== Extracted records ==
------------

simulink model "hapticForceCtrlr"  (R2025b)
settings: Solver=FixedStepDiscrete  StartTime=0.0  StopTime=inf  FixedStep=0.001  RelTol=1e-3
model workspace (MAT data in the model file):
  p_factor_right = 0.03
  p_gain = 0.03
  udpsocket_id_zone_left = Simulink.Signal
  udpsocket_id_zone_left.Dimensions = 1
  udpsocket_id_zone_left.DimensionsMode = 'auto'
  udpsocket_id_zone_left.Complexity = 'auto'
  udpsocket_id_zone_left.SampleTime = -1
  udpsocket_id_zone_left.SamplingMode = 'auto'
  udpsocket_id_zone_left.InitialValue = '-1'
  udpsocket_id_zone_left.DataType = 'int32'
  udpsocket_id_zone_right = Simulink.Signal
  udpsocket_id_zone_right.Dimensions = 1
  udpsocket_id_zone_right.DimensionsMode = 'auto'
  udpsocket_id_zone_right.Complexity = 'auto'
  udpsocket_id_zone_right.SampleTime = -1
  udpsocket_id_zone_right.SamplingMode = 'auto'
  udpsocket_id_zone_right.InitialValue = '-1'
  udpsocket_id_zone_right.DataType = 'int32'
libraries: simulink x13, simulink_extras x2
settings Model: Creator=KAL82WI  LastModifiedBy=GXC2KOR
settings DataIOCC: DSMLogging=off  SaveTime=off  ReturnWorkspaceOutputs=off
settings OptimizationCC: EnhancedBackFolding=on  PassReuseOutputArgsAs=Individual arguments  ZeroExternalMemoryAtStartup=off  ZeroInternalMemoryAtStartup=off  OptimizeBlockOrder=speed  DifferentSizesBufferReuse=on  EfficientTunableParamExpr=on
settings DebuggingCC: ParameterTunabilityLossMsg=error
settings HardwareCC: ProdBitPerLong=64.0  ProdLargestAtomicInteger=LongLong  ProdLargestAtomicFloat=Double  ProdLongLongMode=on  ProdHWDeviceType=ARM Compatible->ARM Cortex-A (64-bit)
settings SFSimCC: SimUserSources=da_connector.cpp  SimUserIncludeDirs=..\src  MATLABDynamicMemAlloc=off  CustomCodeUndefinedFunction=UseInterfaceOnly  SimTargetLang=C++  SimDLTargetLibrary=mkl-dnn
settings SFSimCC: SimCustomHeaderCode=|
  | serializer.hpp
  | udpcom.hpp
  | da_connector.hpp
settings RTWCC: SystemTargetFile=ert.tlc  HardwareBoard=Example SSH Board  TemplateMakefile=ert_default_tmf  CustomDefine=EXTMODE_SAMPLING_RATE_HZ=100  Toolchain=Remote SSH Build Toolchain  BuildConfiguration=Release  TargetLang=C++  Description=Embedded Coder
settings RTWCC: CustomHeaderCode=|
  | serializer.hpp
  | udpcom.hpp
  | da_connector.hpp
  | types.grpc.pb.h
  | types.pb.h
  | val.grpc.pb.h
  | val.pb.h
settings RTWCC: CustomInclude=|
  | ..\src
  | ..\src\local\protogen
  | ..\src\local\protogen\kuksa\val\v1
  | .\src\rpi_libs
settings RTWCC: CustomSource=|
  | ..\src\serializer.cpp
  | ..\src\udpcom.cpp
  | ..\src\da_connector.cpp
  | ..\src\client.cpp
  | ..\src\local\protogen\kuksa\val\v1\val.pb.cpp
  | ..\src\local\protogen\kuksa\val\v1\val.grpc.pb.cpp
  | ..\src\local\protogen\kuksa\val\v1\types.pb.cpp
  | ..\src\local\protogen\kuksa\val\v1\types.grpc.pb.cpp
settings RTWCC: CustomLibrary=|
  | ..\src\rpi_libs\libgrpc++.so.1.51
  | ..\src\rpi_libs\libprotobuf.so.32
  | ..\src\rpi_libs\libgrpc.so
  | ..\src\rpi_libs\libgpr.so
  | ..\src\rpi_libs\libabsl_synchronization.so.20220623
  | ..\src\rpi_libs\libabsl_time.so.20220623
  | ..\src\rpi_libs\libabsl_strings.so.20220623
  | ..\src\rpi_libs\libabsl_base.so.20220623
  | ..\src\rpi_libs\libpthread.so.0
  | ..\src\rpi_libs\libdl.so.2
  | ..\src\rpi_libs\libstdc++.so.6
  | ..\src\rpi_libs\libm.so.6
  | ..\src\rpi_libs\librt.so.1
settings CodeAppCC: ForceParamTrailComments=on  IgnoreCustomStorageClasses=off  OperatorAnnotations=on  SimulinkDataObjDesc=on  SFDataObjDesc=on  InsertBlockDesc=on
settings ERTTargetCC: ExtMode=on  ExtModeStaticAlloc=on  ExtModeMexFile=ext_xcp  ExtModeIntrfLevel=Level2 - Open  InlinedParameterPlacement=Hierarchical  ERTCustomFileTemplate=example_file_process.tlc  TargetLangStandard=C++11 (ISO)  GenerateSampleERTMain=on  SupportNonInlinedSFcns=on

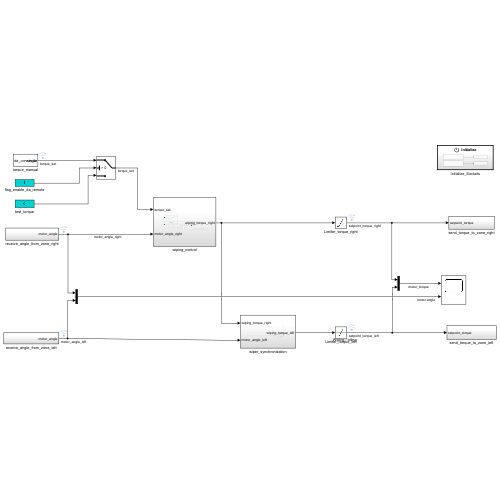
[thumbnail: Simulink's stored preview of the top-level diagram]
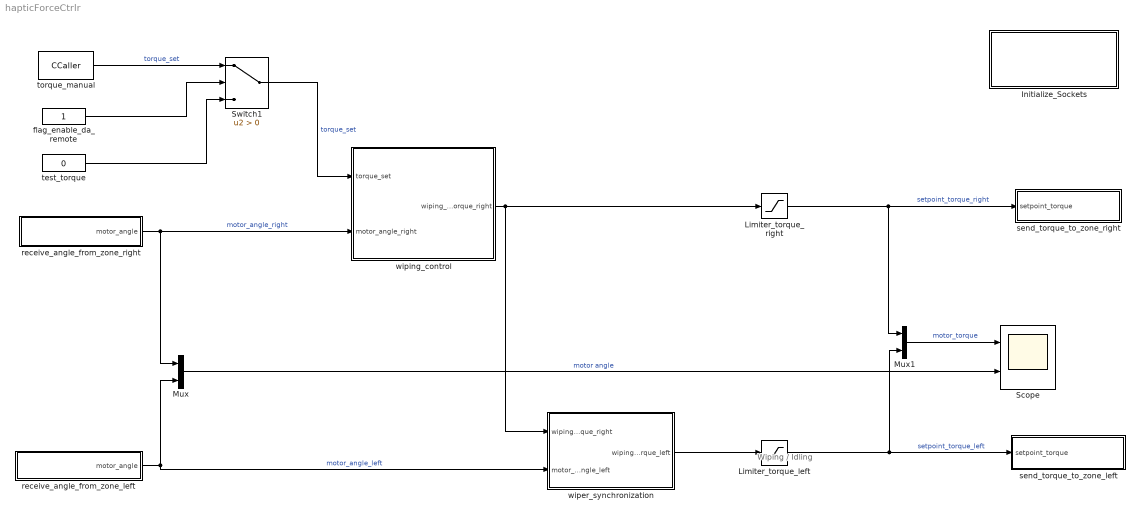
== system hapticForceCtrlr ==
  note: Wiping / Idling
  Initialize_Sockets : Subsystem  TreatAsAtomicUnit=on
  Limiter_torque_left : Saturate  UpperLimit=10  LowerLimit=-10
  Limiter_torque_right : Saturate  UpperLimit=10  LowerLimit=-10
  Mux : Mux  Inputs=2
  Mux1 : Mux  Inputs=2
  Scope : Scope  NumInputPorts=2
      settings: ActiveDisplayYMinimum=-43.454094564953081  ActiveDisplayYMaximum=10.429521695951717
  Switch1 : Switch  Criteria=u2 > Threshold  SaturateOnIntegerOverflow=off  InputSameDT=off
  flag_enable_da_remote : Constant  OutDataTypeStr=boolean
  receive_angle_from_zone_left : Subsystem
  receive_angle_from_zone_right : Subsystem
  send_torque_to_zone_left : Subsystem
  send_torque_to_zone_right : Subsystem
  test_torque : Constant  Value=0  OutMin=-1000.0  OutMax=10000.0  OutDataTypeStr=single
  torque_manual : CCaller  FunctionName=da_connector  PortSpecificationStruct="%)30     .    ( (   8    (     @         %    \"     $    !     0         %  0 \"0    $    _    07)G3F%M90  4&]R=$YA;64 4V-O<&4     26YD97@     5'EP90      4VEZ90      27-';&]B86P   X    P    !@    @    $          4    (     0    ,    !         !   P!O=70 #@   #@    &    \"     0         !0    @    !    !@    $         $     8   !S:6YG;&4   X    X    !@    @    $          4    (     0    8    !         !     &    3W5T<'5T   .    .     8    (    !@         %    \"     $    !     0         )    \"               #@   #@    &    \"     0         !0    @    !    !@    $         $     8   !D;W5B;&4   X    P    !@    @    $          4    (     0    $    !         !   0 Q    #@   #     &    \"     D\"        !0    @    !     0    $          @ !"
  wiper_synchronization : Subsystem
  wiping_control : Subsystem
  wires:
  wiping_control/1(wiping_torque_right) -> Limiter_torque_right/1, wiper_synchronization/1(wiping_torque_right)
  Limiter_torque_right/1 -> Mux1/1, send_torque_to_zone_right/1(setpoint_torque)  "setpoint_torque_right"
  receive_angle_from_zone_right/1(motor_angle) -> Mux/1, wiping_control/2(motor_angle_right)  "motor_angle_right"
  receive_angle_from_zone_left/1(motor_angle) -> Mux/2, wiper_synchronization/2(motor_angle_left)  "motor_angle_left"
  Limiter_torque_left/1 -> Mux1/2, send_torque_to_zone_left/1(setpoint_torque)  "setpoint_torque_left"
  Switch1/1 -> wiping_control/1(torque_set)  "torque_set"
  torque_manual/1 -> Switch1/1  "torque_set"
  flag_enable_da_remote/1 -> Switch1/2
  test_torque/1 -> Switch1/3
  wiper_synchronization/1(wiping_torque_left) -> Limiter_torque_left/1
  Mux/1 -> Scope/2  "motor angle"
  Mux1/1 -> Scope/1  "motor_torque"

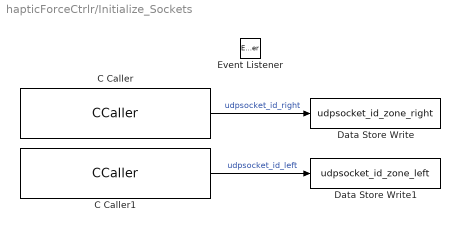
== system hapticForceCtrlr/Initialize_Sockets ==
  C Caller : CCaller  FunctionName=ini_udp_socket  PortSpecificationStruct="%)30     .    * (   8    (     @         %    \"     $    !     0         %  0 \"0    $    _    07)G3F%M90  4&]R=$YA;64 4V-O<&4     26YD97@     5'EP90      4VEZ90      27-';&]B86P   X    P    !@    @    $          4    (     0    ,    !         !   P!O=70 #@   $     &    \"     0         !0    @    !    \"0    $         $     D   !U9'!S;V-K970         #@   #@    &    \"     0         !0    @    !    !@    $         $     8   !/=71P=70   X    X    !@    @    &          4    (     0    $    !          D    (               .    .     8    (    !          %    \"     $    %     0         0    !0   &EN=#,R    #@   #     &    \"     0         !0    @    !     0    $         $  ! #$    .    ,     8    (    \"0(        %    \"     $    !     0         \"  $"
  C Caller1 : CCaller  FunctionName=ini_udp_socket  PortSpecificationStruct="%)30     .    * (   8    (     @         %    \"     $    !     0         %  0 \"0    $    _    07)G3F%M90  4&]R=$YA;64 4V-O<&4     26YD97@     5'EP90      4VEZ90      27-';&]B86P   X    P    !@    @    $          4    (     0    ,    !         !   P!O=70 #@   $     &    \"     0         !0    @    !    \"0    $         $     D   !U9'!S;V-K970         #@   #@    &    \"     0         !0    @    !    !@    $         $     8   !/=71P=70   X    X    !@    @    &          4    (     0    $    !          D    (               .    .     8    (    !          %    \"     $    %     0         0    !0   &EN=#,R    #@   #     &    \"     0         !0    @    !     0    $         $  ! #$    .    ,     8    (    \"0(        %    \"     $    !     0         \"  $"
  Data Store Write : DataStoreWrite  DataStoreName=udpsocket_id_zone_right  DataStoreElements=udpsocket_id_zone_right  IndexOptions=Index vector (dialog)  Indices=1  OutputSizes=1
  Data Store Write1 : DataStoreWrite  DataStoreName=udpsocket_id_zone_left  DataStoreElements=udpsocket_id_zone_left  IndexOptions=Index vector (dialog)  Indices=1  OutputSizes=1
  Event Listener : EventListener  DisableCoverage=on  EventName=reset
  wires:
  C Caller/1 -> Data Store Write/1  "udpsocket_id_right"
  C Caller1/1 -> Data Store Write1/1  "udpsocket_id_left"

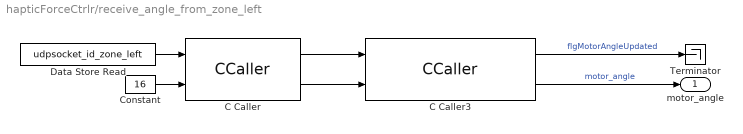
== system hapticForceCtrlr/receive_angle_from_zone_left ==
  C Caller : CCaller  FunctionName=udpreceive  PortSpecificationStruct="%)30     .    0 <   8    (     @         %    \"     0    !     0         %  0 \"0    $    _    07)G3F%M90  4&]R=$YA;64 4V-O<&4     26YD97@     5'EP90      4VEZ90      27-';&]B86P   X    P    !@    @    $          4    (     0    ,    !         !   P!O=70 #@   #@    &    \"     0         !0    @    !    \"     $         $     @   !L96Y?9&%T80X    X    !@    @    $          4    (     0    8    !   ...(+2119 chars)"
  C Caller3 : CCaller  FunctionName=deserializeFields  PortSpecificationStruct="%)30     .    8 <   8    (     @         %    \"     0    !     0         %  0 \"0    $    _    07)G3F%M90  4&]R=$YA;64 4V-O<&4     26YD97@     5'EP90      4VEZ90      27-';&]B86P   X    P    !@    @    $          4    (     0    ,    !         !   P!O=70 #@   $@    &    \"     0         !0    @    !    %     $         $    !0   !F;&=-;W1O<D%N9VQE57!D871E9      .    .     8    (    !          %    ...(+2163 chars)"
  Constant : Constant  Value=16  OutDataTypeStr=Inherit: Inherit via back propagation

------------

== What is required ==
How many of the lines above include "Indices"? Only the number should be given.

== Answer ==
2